### WHAT IS EXPECTED
In the records below, find the line that contains "Tgp1_0 = 70" and the line that contains "model will automatically". Set down exactly those lines and every line between them, and nothing more.

### SOURCE DATA
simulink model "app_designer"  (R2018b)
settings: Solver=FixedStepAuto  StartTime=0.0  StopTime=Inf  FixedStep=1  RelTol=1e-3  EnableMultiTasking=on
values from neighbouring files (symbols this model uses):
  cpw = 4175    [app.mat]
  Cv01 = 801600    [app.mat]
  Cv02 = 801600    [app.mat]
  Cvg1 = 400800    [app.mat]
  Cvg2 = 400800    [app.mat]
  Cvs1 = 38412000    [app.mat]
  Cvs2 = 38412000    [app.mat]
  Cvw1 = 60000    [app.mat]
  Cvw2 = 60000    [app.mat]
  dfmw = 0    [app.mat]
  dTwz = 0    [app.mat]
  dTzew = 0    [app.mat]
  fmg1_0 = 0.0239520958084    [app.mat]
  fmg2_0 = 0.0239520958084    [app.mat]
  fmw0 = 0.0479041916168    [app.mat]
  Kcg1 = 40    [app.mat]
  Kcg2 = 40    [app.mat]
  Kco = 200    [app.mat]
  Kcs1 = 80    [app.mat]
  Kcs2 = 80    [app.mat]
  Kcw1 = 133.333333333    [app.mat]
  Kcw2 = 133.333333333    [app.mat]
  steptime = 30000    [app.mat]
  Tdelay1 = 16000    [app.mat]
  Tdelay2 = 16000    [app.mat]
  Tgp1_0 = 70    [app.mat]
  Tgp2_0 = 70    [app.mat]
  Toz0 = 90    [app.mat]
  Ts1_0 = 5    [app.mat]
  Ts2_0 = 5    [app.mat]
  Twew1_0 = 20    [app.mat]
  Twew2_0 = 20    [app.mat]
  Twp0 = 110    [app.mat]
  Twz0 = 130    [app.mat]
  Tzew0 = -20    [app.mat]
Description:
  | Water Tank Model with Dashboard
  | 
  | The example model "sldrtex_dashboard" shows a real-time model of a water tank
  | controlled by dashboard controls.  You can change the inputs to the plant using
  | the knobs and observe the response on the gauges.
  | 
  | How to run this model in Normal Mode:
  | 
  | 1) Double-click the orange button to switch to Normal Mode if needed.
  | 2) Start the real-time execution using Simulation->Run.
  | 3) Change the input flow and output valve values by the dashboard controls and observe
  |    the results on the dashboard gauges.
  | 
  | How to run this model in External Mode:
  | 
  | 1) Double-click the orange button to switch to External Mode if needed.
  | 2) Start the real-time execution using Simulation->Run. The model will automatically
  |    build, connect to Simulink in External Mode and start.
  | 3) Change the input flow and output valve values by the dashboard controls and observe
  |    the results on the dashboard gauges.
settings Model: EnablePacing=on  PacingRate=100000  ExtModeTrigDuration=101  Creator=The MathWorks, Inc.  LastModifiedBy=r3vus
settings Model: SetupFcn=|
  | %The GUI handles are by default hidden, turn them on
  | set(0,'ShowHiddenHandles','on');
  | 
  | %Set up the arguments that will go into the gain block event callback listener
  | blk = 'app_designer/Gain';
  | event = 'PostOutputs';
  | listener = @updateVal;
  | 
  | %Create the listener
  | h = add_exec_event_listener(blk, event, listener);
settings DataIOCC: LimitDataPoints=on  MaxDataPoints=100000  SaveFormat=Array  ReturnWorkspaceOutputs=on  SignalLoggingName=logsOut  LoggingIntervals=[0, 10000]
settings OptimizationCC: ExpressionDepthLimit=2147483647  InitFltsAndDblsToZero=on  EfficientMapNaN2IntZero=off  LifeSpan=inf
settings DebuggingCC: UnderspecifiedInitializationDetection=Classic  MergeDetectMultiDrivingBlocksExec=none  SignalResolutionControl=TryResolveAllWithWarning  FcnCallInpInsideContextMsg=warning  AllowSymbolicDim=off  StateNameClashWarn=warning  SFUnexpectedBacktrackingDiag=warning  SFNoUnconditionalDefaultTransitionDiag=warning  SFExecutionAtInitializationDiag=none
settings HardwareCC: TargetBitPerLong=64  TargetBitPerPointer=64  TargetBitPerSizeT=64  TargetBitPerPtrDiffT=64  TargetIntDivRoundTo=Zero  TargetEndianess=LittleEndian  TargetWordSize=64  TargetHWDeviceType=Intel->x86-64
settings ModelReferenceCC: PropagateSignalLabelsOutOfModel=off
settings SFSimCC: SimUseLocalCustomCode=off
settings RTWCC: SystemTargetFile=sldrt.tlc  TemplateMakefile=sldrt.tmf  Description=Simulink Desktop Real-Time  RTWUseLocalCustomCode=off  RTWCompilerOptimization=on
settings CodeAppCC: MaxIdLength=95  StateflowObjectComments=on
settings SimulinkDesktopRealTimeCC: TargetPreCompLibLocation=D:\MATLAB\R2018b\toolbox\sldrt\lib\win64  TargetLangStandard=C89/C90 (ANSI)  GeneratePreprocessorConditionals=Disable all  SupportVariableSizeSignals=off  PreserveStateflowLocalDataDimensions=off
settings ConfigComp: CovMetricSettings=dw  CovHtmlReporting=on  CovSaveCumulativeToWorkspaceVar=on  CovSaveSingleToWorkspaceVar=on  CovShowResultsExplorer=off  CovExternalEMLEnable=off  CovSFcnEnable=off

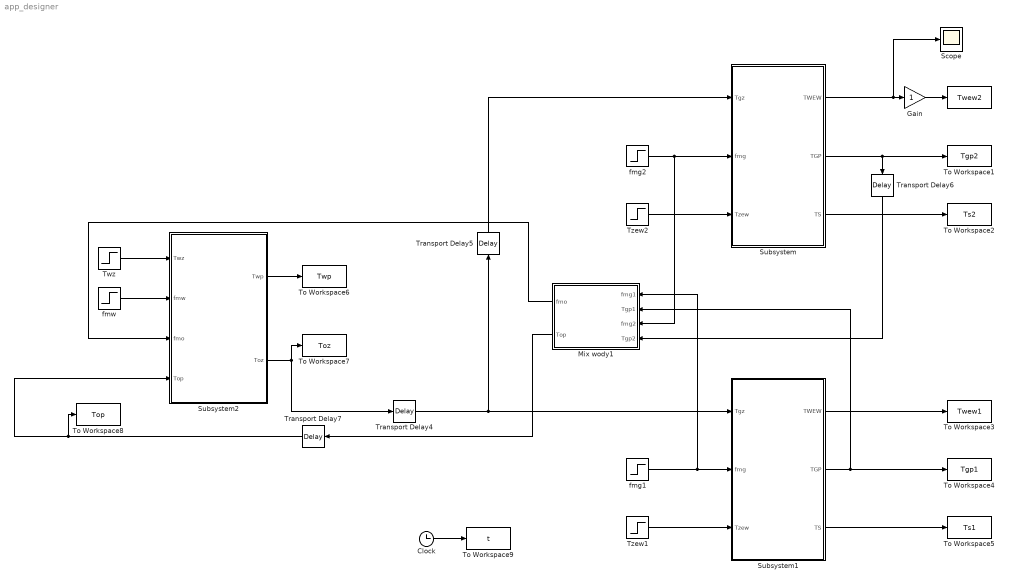
== system app_designer ==
  " " : ToWorkspace  VariableName=Twew2  SaveFormat=Structure With Time  SampleTime=-1
  Clock : Clock
  Gain : Gain
  Mix wody1 : Subsystem
  Scope : Scope
  Subsystem : Subsystem  mask{Cvg=Cvg2, Cvs=Cvs2, Kcg=Kcg2, Kcw=Kcw2, cpw=cpw, Kcs=Kcs2, Cvw=Cvw2, Twew0=Twew2_0, Ts0=Ts2_0, Tgp0=Tgp2_0}
  Subsystem1 : Subsystem  mask{Cvg=Cvg1, Cvs=Cvs1, Kcg=Kcg1, Kcw=Kcw1, cpw=cpw, Kcs=Kcs1, Cvw=Cvw1, Twew0=Twew1_0, Ts0=Ts1_0, Tgp0=Tgp1_0}
  Subsystem2 : Subsystem
  To Workspace1 : ToWorkspace  VariableName=Tgp2  SampleTime=-1
  To Workspace2 : ToWorkspace  VariableName=Ts2  SampleTime=-1
  To Workspace3 : ToWorkspace  VariableName=Twew1  SampleTime=-1
  To Workspace4 : ToWorkspace  VariableName=Tgp1  SampleTime=-1
  To Workspace5 : ToWorkspace  VariableName=Ts1  SampleTime=-1
  To Workspace6 : ToWorkspace  VariableName=Twp  SampleTime=-1
  To Workspace7 : ToWorkspace  VariableName=Toz  SampleTime=-1
  To Workspace8 : ToWorkspace  VariableName=Top  SampleTime=-1
  To Workspace9 : ToWorkspace  VariableName=t  SampleTime=-1
  Transport Delay4 : TransportDelay  DelayTime=Tdelay1  InitialOutput=Toz0
  Transport Delay5 : TransportDelay  DelayTime=Tdelay2  InitialOutput=Toz0
  Transport Delay6 : TransportDelay  DelayTime=Tdelay2  InitialOutput=Tgp2_0
  Transport Delay7 : TransportDelay  DelayTime=Tdelay1  InitialOutput=(Tgp1_0*fmg1_0+Tgp2_0*fmg2_0)/(fmg1_0+fmg2_0)
  Twz : Step  Time=steptime  Before=Twz0  After=Twz0+dTwz  SampleTime=0
  Tzew1 : Step  Time=steptime  Before=Tzew0  After=Tzew0+dTzew  SampleTime=0
  Tzew2 : Step  Time=steptime  Before=Tzew0  After=Tzew0+dTzew  SampleTime=0
  fmg1 : Step  Time=steptime  Before=fmg1_0  After=fmg1_0  SampleTime=0
  fmg2 : Step  Time=steptime  Before=fmg2_0  After=fmg2_0  SampleTime=0
  fmw : Step  Time=steptime  Before=fmw0  After=fmw0+dfmw  SampleTime=0
  wires:
  Clock/1 -> To Workspace9/1
  Transport Delay7/1 -> To Workspace8/1, Subsystem2/4(Top)
  Transport Delay5/1 -> Subsystem/1(Tgz)
  Subsystem/2(TGP) -> Transport Delay6/1, To Workspace1/1
  fmg1/1 -> Mix wody1/1(fmg1), Subsystem1/2(fmg)
  Subsystem2/1(Twp) -> To Workspace6/1
  Tzew1/1 -> Subsystem1/3(Tzew)
  Mix wody1/2(Top) -> Transport Delay7/1
  Subsystem1/2(TGP) -> Mix wody1/2(Tgp1), To Workspace4/1
  fmw/1 -> Subsystem2/2(fmw)
  Subsystem/3(TS) -> To Workspace2/1
  Tzew2/1 -> Subsystem/3(Tzew)
  Subsystem1/1(TWEW) -> To Workspace3/1
  Transport Delay6/1 -> Mix wody1/4(Tgp2)
  Subsystem2/2(Toz) -> Transport Delay4/1, To Workspace7/1
  Subsystem1/3(TS) -> To Workspace5/1
  Twz/1 -> Subsystem2/1(Twz)
  Transport Delay4/1 -> Transport Delay5/1, Subsystem1/1(Tgz)
  Mix wody1/1(fmo) -> Subsystem2/3(fmo)
  fmg2/1 -> Mix wody1/3(fmg2), Subsystem/2(fmg)
  Gain/1 -> " "/1
  Subsystem/1(TWEW) -> Gain/1, Scope/1

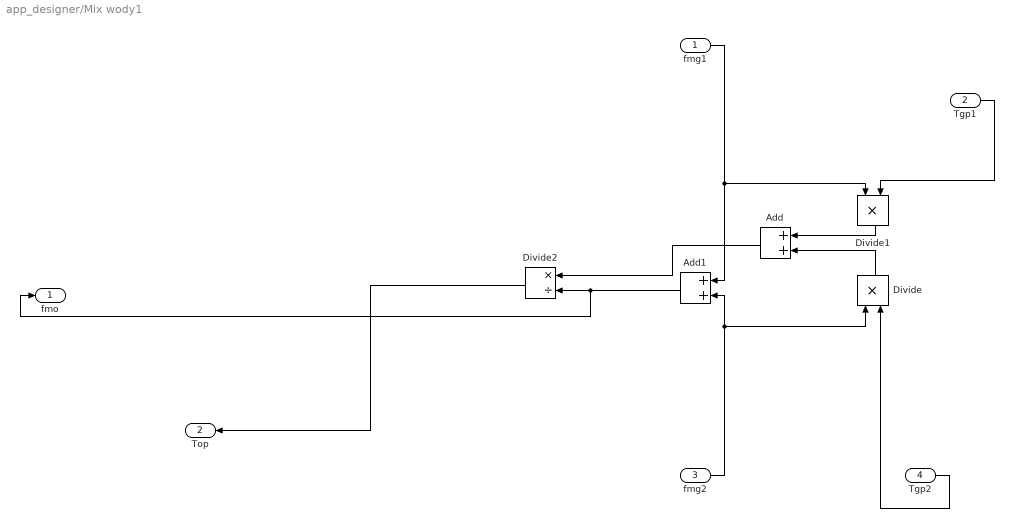
== system app_designer/Mix wody1 ==
  fmg1 : Inport
  Tgp1 : Inport  Port=2
  fmg2 : Inport  Port=3
  Tgp2 : Inport  Port=4
  Add : Sum
  Add1 : Sum
  Divide : Product  Inputs=**
  Divide1 : Product  Inputs=**
  Divide2 : Product  Inputs=*/
  fmo : Outport
  Top : Outport  Port=2
  wires:
  Tgp1/1 -> Divide1/2
  fmg2/1 -> Add1/2, Divide/1
  Divide/1 -> Add/2
  Add1/1 -> fmo/1, Divide2/2
  Tgp2/1 -> Divide/2
  fmg1/1 -> Add1/1, Divide1/1
  Divide1/1 -> Add/1
  Add/1 -> Divide2/1
  Divide2/1 -> Top/1

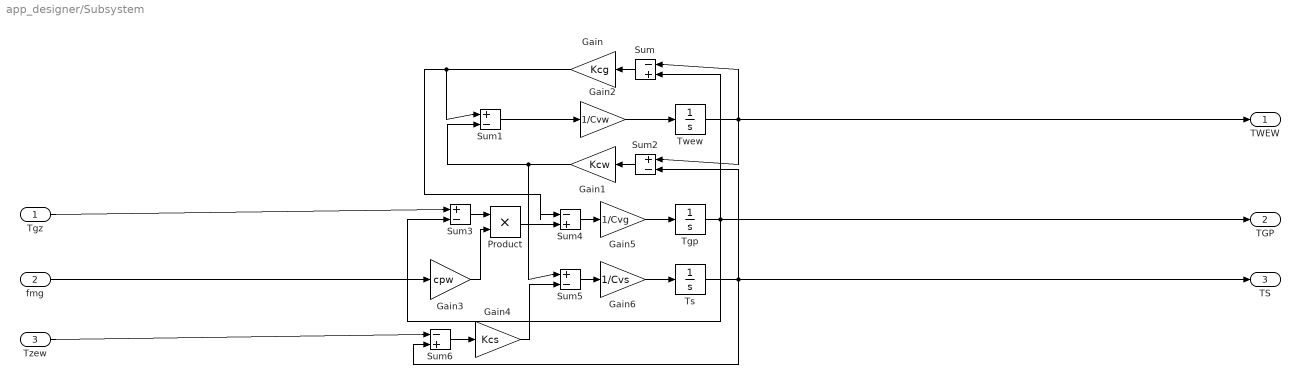
== system app_designer/Subsystem ==
  Tgz : Inport
  fmg : Inport  Port=2
  Tzew : Inport  Port=3
  Gain : Gain  Gain=Kcg
  Gain1 : Gain  Gain=Kcw
  Gain2 : Gain  Gain=1/Cvw
  Gain3 : Gain  Gain=cpw
  Gain4 : Gain  Gain=Kcs
  Gain5 : Gain  Gain=1/Cvg
  Gain6 : Gain  Gain=1/Cvs
  Product : Product
  Sum : Sum  Inputs=|-+
  Sum{1..3,5} (4 alike) : Sum  Inputs=|+-
  Sum4 : Sum  Inputs=|-+
  Sum6 : Sum  Inputs=|-+
  Tgp : Integrator  InitialCondition=Tgp0
  Ts : Integrator  InitialCondition=Ts0
  Twew : Integrator  InitialCondition=Twew0
  TWEW : Outport
  TGP : Outport  Port=2
  TS : Outport  Port=3
  wires:
  Twew/1 -> TWEW/1, Sum2/1, Sum/1
  Tgp/1 -> TGP/1, Sum3/2, Sum/2
  Sum/1 -> Gain/1
  Ts/1 -> TS/1, Sum6/2, Sum2/2
  Sum2/1 -> Gain1/1
  Gain1/1 -> Sum5/1, Sum1/2
  Sum1/1 -> Gain2/1
  Tgz/1 -> Sum3/1
  fmg/1 -> Gain3/1
  Gain3/1 -> Product/2
  Sum3/1 -> Product/1
  Gain/1 -> Sum1/1, Sum4/1
  Product/1 -> Sum4/2
  Sum4/1 -> Gain5/1
  Tzew/1 -> Sum6/1
  Sum6/1 -> Gain4/1
  Gain4/1 -> Sum5/2
  Sum5/1 -> Gain6/1
  Gain2/1 -> Twew/1
  Gain5/1 -> Tgp/1
  Gain6/1 -> Ts/1

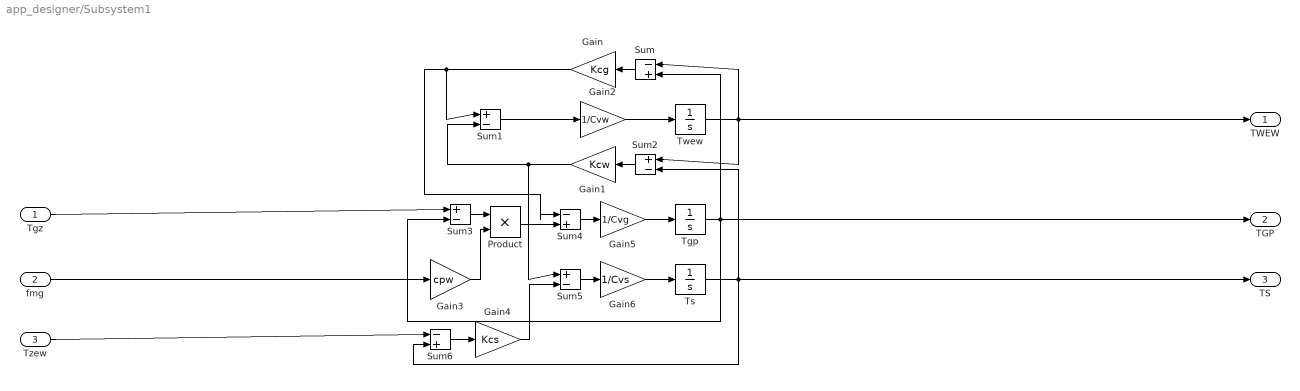
== system app_designer/Subsystem1 ==
  Tgz : Inport
  fmg : Inport  Port=2
  Tzew : Inport  Port=3
  Gain : Gain  Gain=Kcg
  Gain1 : Gain  Gain=Kcw
  Gain2 : Gain  Gain=1/Cvw
  Gain3 : Gain  Gain=cpw
  Gain4 : Gain  Gain=Kcs
  Gain5 : Gain  Gain=1/Cvg
  Gain6 : Gain  Gain=1/Cvs
  Product : Product
  Sum : Sum  Inputs=|-+
  Sum{1..3,5} (4 alike) : Sum  Inputs=|+-
  Sum4 : Sum  Inputs=|-+
  Sum6 : Sum  Inputs=|-+
  Tgp : Integrator  InitialCondition=Tgp0
  Ts : Integrator  InitialCondition=Ts0
  Twew : Integrator  InitialCondition=Twew0
  TWEW : Outport
  TGP : Outport  Port=2
  TS : Outport  Port=3
  wires:
  Twew/1 -> TWEW/1, Sum2/1, Sum/1
  Tgp/1 -> TGP/1, Sum3/2, Sum/2
  Sum/1 -> Gain/1
  Ts/1 -> TS/1, Sum6/2, Sum2/2
  Sum2/1 -> Gain1/1
  Gain1/1 -> Sum5/1, Sum1/2
  Sum1/1 -> Gain2/1
  Tgz/1 -> Sum3/1
  fmg/1 -> Gain3/1
  Gain3/1 -> Product/2
  Sum3/1 -> Product/1
  Gain/1 -> Sum1/1, Sum4/1
  Product/1 -> Sum4/2
  Sum4/1 -> Gain5/1
  Tzew/1 -> Sum6/1
  Sum6/1 -> Gain4/1
  Gain4/1 -> Sum5/2
  Sum5/1 -> Gain6/1
  Gain2/1 -> Twew/1
  Gain5/1 -> Tgp/1
  Gain6/1 -> Ts/1

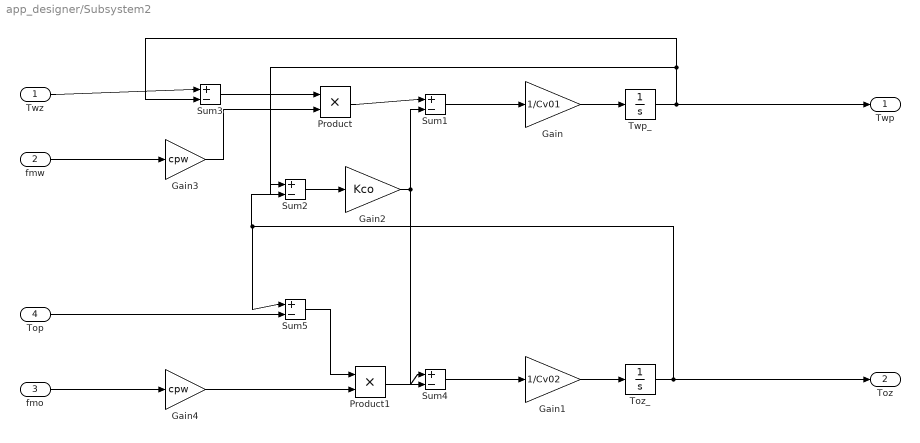
== system app_designer/Subsystem2 ==
  Twz : Inport
  fmw : Inport  Port=2
  fmo : Inport  Port=3
  Top : Inport  Port=4
  Gain : Gain  Gain=1/Cv01
  Gain1 : Gain  Gain=1/Cv02
  Gain2 : Gain  Gain=Kco
  Gain3 : Gain  Gain=cpw
  Gain4 : Gain  Gain=cpw
  Product : Product
  Product1 : Product
  Sum{1..5} (5 alike) : Sum  Inputs=|+-
  Toz_ : Integrator  InitialCondition=Toz0
  Twp_ : Integrator  InitialCondition=Twp0
  Twp : Outport
  Toz : Outport  Port=2
  wires:
  Toz_/1 -> Sum5/1, Sum2/2, Toz/1
  Twp_/1 -> Sum2/1, Sum3/2, Twp/1
  Gain/1 -> Twp_/1
  Gain1/1 -> Toz_/1
  Gain3/1 -> Product/2
  fmw/1 -> Gain3/1
  Sum3/1 -> Product/1
  Twz/1 -> Sum3/1
  Product/1 -> Sum1/1
  Sum1/1 -> Gain/1
  Sum2/1 -> Gain2/1
  Sum4/1 -> Gain1/1
  Gain2/1 -> Sum1/2, Sum4/1
  fmo/1 -> Gain4/1
  Gain4/1 -> Product1/2
  Top/1 -> Sum5/2
  Sum5/1 -> Product1/1
  Product1/1 -> Sum4/2

### REPLY TO THE TASK
  Tgp1_0 = 70    [app.mat]
  Tgp2_0 = 70    [app.mat]
  Toz0 = 90    [app.mat]
  Ts1_0 = 5    [app.mat]
  Ts2_0 = 5    [app.mat]
  Twew1_0 = 20    [app.mat]
  Twew2_0 = 20    [app.mat]
  Twp0 = 110    [app.mat]
  Twz0 = 130    [app.mat]
  Tzew0 = -20    [app.mat]
Description:
  | Water Tank Model with Dashboard
  | 
  | The example model "sldrtex_dashboard" shows a real-time model of a water tank
  | controlled by dashboard controls.  You can change the inputs to the plant using
  | the knobs and observe the response on the gauges.
  | 
  | How to run this model in Normal Mode:
  | 
  | 1) Double-click the orange button to switch to Normal Mode if needed.
  | 2) Start the real-time execution using Simulation->Run.
  | 3) Change the input flow and output valve values by the dashboard controls and observe
  |    the results on the dashboard gauges.
  | 
  | How to run this model in External Mode:
  | 
  | 1) Double-click the orange button to switch to External Mode if needed.
  | 2) Start the real-time execution using Simulation->Run. The model will automatically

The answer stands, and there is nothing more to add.